Culter
- Full name: Culter Junior Football Club
- Nickname: none
- Founded: 1891
- Ground: Crombie Park, Malcolm Road, Peterculter
- Capacity: 2000
- President: Gordon Thomson
- Manager: Lee Youngson
- League: NoSFL Premier League
- 2025–26: NoSFL Premier League, 3rd of 16 (champions)
| Home colours | Away colours |

= Culter F.C. =

Association football club in Peterculter, Aberdeen, Scotland

Culter Junior Football Club is a Scottish football club from the village of Peterculter, a suburb of Aberdeen. Members of the Scottish Junior Football Association, they currently play in the North of Scotland Football League. The club is based at Crombie Park and their colours are red and white.

==History==

The club was founded in October 1890 by members of the Culter Cricket Club, but did not play any matches until the following year. The club was originally a Junior club, but spent the 1895–96 and 1896–97 seasons as a member of the Scottish Football Association, entering the Scottish Qualifying Cup in both seasons, although it lost 8–0 in the first round both times, to Orion and Victoria United respectively. As a senior club Culter wore blue and white stripes and played at Culter Park.

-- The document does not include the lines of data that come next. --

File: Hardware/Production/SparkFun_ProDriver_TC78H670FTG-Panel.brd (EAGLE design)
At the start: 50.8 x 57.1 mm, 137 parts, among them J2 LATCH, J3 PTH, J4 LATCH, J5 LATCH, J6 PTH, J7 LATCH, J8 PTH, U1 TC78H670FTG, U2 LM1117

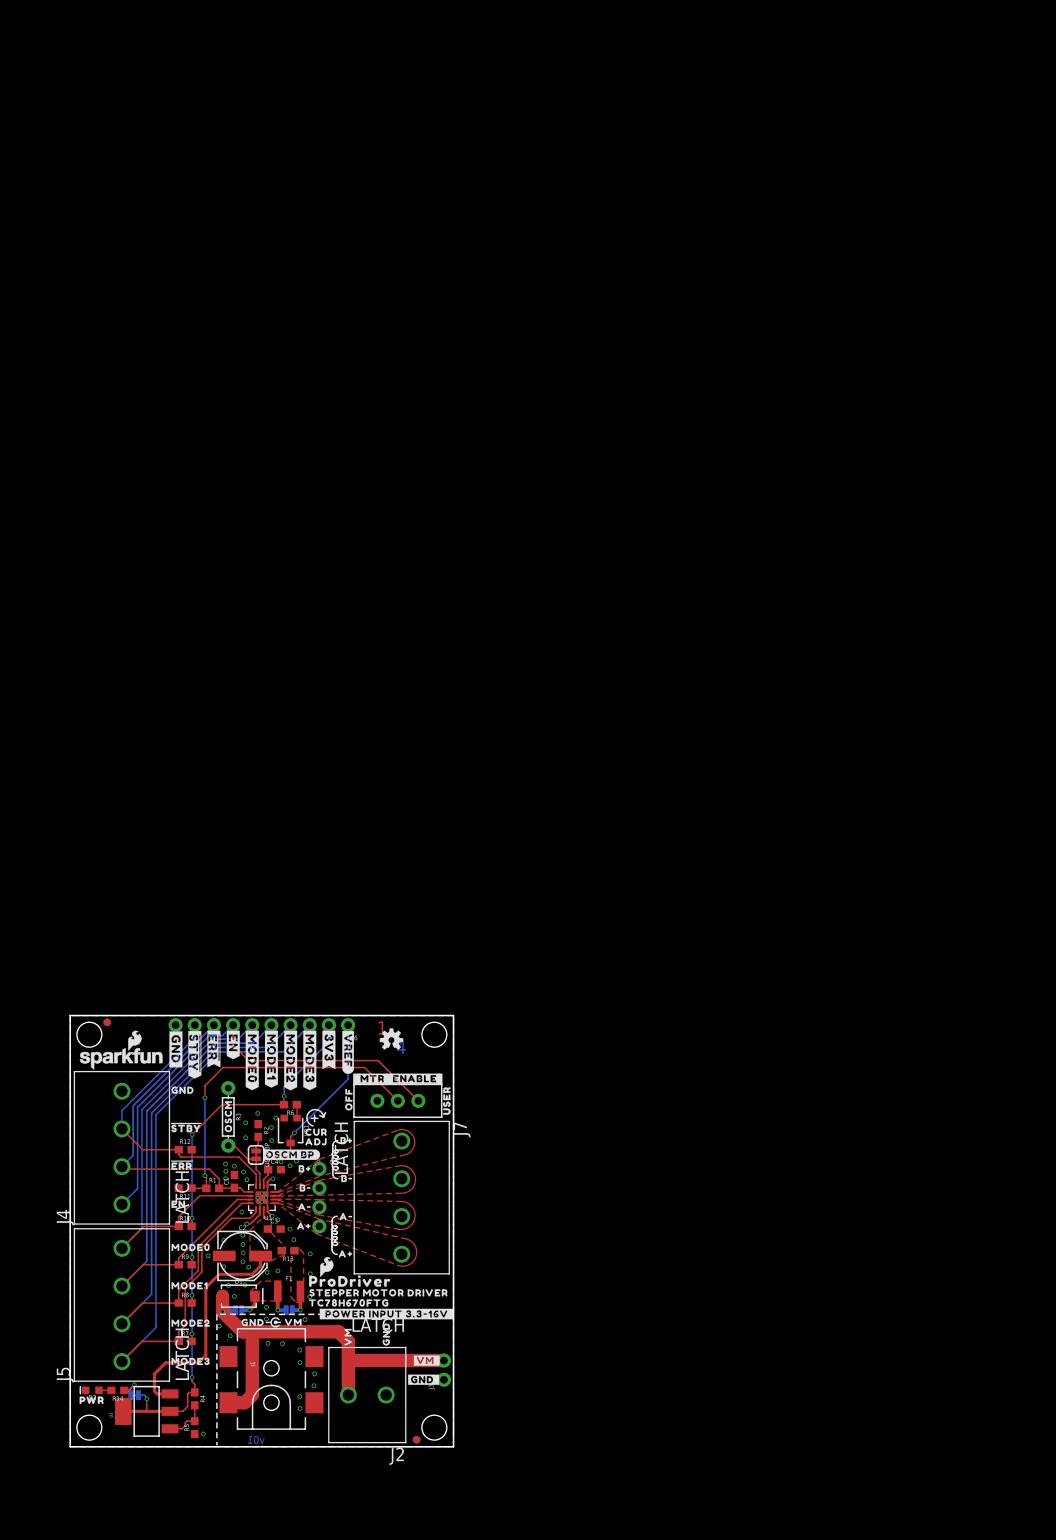
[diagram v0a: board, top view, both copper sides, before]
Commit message: production files - also decided to go with 1 OZ copper
-panelized for proto panel order 2x2
-removed "2OZ Copper" note from special ordering instructions. Fab house for protos (JLC) has huge price jump for 2 OZ, so gonna try 1 OZ for protos and see how heat sinking does.
-adjusted ordering instrutions text file to reflext black soldermask
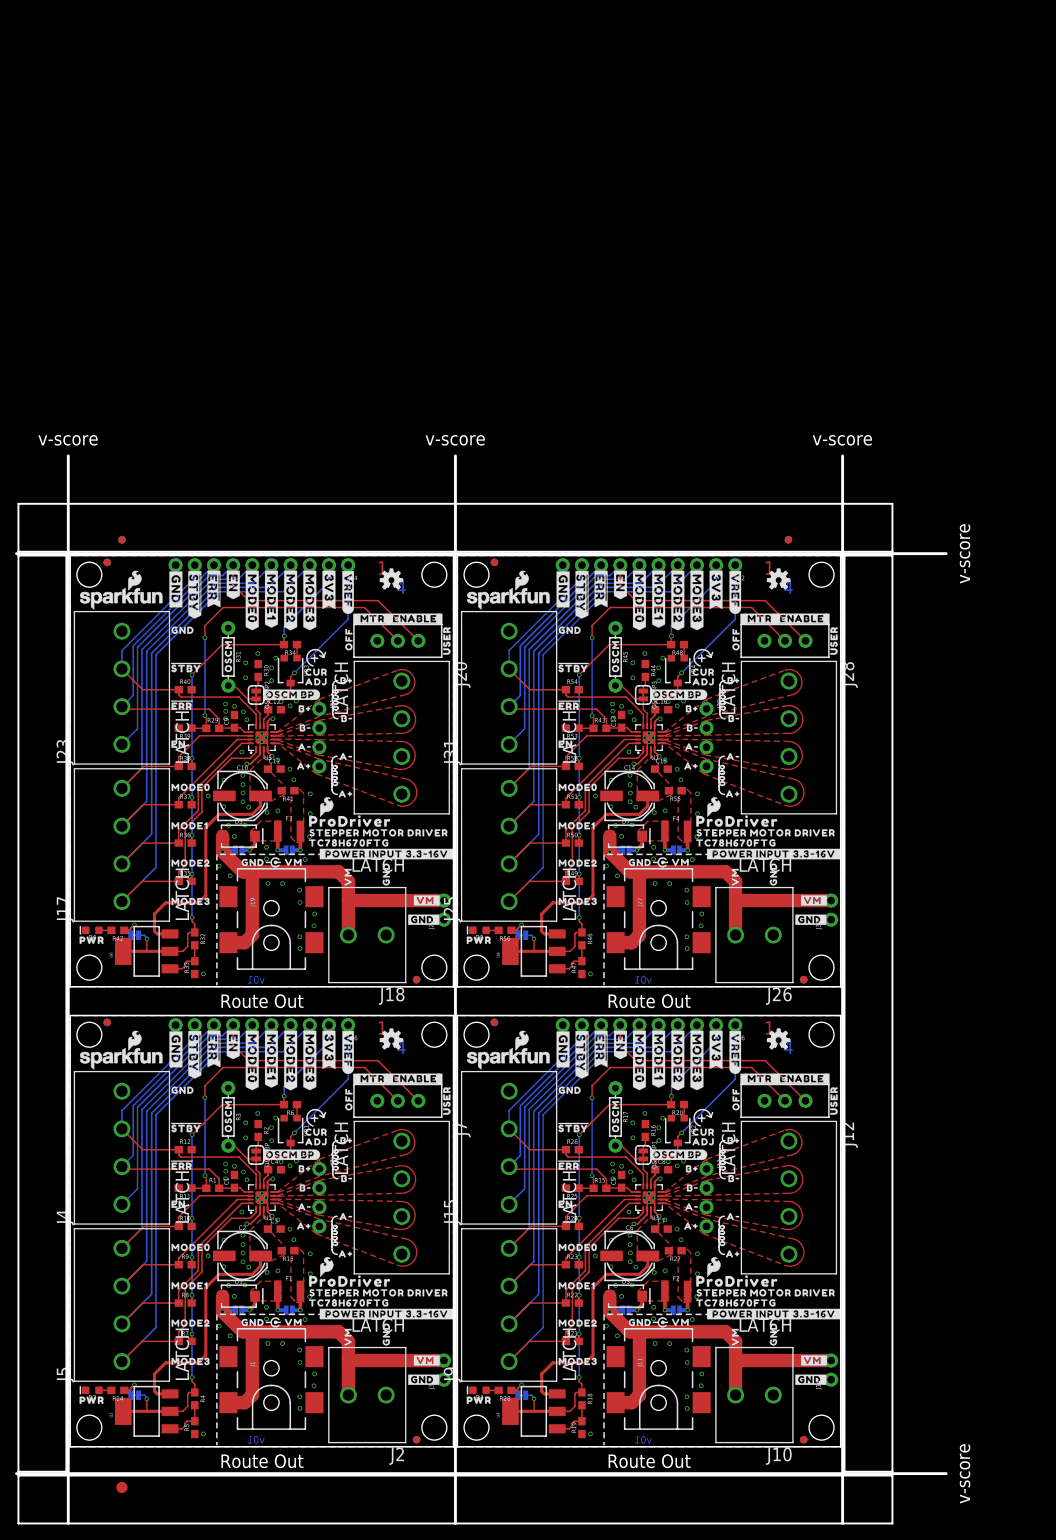
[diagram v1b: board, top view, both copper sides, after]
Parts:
- removed FRAME1: FRAME-LETTER, SparkFun-Aesthetics:CREATIVE_COMMONS
- added C10, C14, C6: 47uF, SparkFun-Capacitors:PANASONIC_D
- added C11, C12, C15, C16, C7, C8: 0.1uF, SparkFun-Capacitors:0603
- added C13, C5, C9: 22nF, SparkFun-Capacitors:0603
- added D1BP1, D1BP2, D1BP3, PTCBP1, PTCBP2, PTCBP3: (no value), SparkFun-Jumpers:SMT-JUMPER_2_NO_SILK
- added D3, D5, D7: 3A/40V/500mV, SparkFun-DiscreteSemi:SMA-DIODE
- added D4, D6, D8: RED, SparkFun-LED:LED-0603
- added E$1, E$2, E$3, E$4: (no value), SparkFun-Aesthetics:FIDUCIAL-1X2
- added E$5: (no value), SparkFun-Retired:FIDUCIAL-1.5X3
- added F2, F3, F4: 16V/1.1A(2.2A TRIP), TC78H670FTG:1210
- added FID10, FID11, FID12, FID13, FID14, FID15, FID16, FID5, FID6, FID7, FID8, FID9: FIDUCIAL1X2, SparkFun-Aesthetics:FIDUCIAL-1X2
- added J10, J18, J26: LATCH, SparkFun-Connectors:LATCHTERMINAL-5MM-2
- added J11, J19, J27: (no value), SparkFun-Connectors:POWER_JACK_SMD_OVERPASTE_TOE
- added J12, J15, J17, J20, J23, J25, J28, J31, J9: LATCH, SparkFun-Connectors:LATCHTERMINAL-5MM-4
- added J13, J21, J29: PTH, SparkFun-Connectors:1X04_NO_SILK
- added J14, J22, J30: PTH, SparkFun-Connectors:1X02_NO_SILK
- added J16, J24, J32: PTH, SparkFun-Connectors:1X10_NO_SILK
- added JP1, JP2, JP3: LED, SparkFun-Jumpers:SMT-JUMPER_2_NC_TRACE_SILK
- added LOGO10, LOGO14, LOGO4: OSHW-LOGOS, SparkFun-Aesthetics:OSHW-LOGO-S
- added LOGO11, LOGO13, LOGO15, LOGO7, LOGO9: SFE_LOGO_NAME_FLAME.1_INCH, SparkFun-Aesthetics:SFE_LOGO_NAME_FLAME_.1
- added LOGO12, LOGO16, LOGO8: SFE_LOGO_FLAME.1_INCH, SparkFun-Aesthetics:SFE_LOGO_FLAME_.1
- added OSCMBP1, OSCMBP2, OSCMBP3: (no value), SparkFun-Jumpers:SMT-JUMPER_2_NC_TRACE_SILK
- added R15, R29, R43: 10k, SparkFun-Resistors:0603
- added R16, R30, R44: 47k, SparkFun-Resistors:0603
- added R17, R31, R45: DNP, SparkFun-Resistors:AXIAL-0.3
- added R18, R32, R46: 240, SparkFun-Resistors:0603
- added R19, R33, R47: 390, SparkFun-Resistors:0603
- added R20, R34, R48: 8.2k, SparkFun-Resistors:0603
- added R21, R22, R23, R24, R25, R26, R35, R36, R37, R38, R39, R40, R49, R50, R51, R52, R53, R54: 22k, SparkFun-Resistors:0603
- added R27, R41, R55: 0, SparkFun-Resistors:0603
- added R28, R42, R56: 1k, SparkFun-Resistors:0603
- added S2, S3, S4: (no value), SparkFun-Switches:SWITCH_SPDT_PTH_11.6X4.0MM_LOCK
- added STANDOFF10, STANDOFF11, STANDOFF12, STANDOFF13, STANDOFF14, STANDOFF15, STANDOFF16, STANDOFF5, STANDOFF6, STANDOFF7, STANDOFF8, STANDOFF9: STAND-OFF, SparkFun-Electromechanical:STAND-OFF
- added U$100, U$186, U$272: (no value), output:MODE10
- added U$101, U$187, U$273: (no value), output:MODE20
- added U$102, U$188, U$274: (no value), output:MODE00
- added U$103, U$189, U$275: (no value), output:#GND_#0
- added U$104, U$190, U$276: (no value), output:#VM_#0
- added U$105, U$177, U$179, U$191, U$263, U$265, U$277, U$91, U$93: (no value), output:GND6
- added U$106, U$178, U$192, U$264, U$278, U$92: (no value), output:VM10
- added U$107, U$159, U$193, U$245, U$279, U$331: (no value), output:TC78H670FTG0
- added U$108, U$160, U$194, U$246, U$280, U$332: (no value), output:STEPPER_MOTOR_DRIVER0
- added U$109, U$144, U$147, U$195, U$230, U$233, U$281, U$316, U$319: (no value), output:#GND#0
- added U$110, U$161, U$196, U$247, U$282, U$333: (no value), output:PRODRIVER0
- added U$111, U$197, U$283: (no value), output:#MTR#0
- added U$112, U$198, U$284: (no value), output:#ENABLE#0
- added U$113, U$174, U$199, U$260, U$285, U$71: (no value), output:B#1
- added U$114, U$173, U$200, U$259, U$286, U$41: (no value), output:B#0
- added U$115, U$176, U$201, U$262, U$287, U$90: (no value), output:A#3
- added U$116, U$175, U$202, U$261, U$288, U$74: (no value), output:A#2
- added U$117, U$203, U$289: (no value), output:EN0
- added U$118, U$204, U$290: (no value), output:#EN#2
- added U$119, U$149, U$205, U$235, U$291, U$321: (no value), output:#MODE0#4
- added U$120, U$150, U$206, U$236, U$292, U$322: (no value), output:#MODE1#4
- added U$121, U$151, U$207, U$237, U$293, U$323: (no value), output:#MODE2#4
- added U$122, U$152, U$208, U$238, U$294, U$324: (no value), output:#MODE3#4
- added U$123, U$153, U$209, U$239, U$295, U$325: (no value), output:#3V3#4
- added U$124, U$154, U$210, U$240, U$296, U$326: (no value), output:#VREF#0
- added U$125, U$211, U$297: (no value), output:#D1_BP#0
- added U$126, U$132, U$212, U$218, U$298, U$304: (no value), output:#B##0
- added U$127, U$133, U$213, U$219, U$299, U$305: (no value), output:#B##1
- added U$128, U$134, U$214, U$220, U$300, U$306: (no value), output:#A##2
- added U$129, U$135, U$215, U$221, U$301, U$307: (no value), output:#A##3
- added U$130, U$145, U$216, U$231, U$302, U$317: (no value), output:#GND#5
- added U$131, U$217, U$303: (no value), output:#_EN_#0
- added U$136, U$222, U$308: (no value), output:#MODE0#0
- added U$137, U$223, U$309: (no value), output:#MODE1#0
- added U$138, U$224, U$310: (no value), output:#MODE2#0
- added U$139, U$225, U$311: (no value), output:#MODE3#0
- added U$140, U$226, U$312: (no value), output:#CLK#S_CLK#0
- added U$141, U$227, U$313: (no value), output:#SET_EN#LATCH#0
- added U$142, U$228, U$314: (no value), output:#UP#DW#S_DATA#0
- added U$143, U$146, U$229, U$232, U$315, U$318: (no value), output:#VM#0
- added U$148, U$234, U$320: (no value), output:#EN#4
- added U$155, U$241, U$327: (no value), output:#CW#CCW#0
- added U$156, U$242, U$328: (no value), output:#PTC_BP#0
- added U$157, U$243, U$329: (no value), output:#LED#0
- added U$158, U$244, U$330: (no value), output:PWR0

The club suffered a tragedy in October 1892, when one of its players, right-back William Wallace, died of injuries he suffered after colliding with a Victoria Rangers player in a friendly between the two sides; the incident had seemed so slight that Wallace continued playing for a short while, but his condition deteriorated overnight.

Culter made history, along with Linlithgow Rose and Pollok by becoming the first Junior football teams to enter the first round proper of the Scottish Cup for the 2007–08 competition. This was due to the SFA allowing up to four Junior teams to enter, if those teams had won one of the three Super Leagues or the Scottish Junior Cup. They have played in the Cup on six occasions, in 2007–08, 2011–12, 2013–14, 2014–15, 2023–24 and 2024–25, reaching the third round on the first three occasions.

The team have been managed since November 2018 by Lee Youngson.

==Honours==
- North Region Superleague / Premier League winners: 2003–04, 2004–05, 2005–06, 2006–07, 2010–11, 2012–13, 2013–14, 2022–23, 2023–24, 2024–25
- North East Division One winners: 2000–01
- North Regional Cup: 1989–90, 1999–00, 2011–12, 2013–14, 2022–23, 2024–25
- McLeman Cup: 1988–89, 1992–93, 2000–01, 2009–10, 2010–11, 2012–13, 2013–14, 2022–23, 2023–24
- North Region Grill League Cup: 2005–06, 2010–11, 2022–23, 2023–24
- Jim McPherson Trophy: 2023–24, 2024–25, 2025–26
- Archibald Cup: 1987–88, 1989–90
- Jimmy Gibb Trophy: 2000–01
- Aberdeen Cable TV Cup: 1989–90, 1992–93
- Acorn Heating Cup: 2002–03, 2004–05

==Scottish Cup==
Culter won their very first Scottish Cup proper tie at Crombie Park on Saturday 29 September 2007. They beat Hawick Royal Albert of the East of Scotland Football League, 7–0 in the First Round. They were drawn in a tough second round tie with Vale of Leithen at home, goals from Gordon Farmer and a goal four minutes from time by Graham Cadger was enough to see them progress through to the third round with a 2–1 scoreline. They were then drawn to face Huntly in the third round on 24 November, where their campaign ended in a 3–1 defeat.

In the 2011–12 season, Culter again advanced to the third round—despite losing to Spartans in the second round—as Spartans were expelled from the competition for fielding an ineligible player. They held Partick Thistle to a draw at home before being defeated 4–0 in the replay at Firhill.

In the 2013–14 season, they reached the third round yet again, beating Newton Stewart, of the South of Scotland Football League, 6–0 in the second round. In the third round, they held Berwick Rangers at home, but lost the replay 3–1. In the following season, 2014–15, they qualified yet again, but were beaten 7–1 in the second round by Bo'ness United of the SJFA East Region Super League.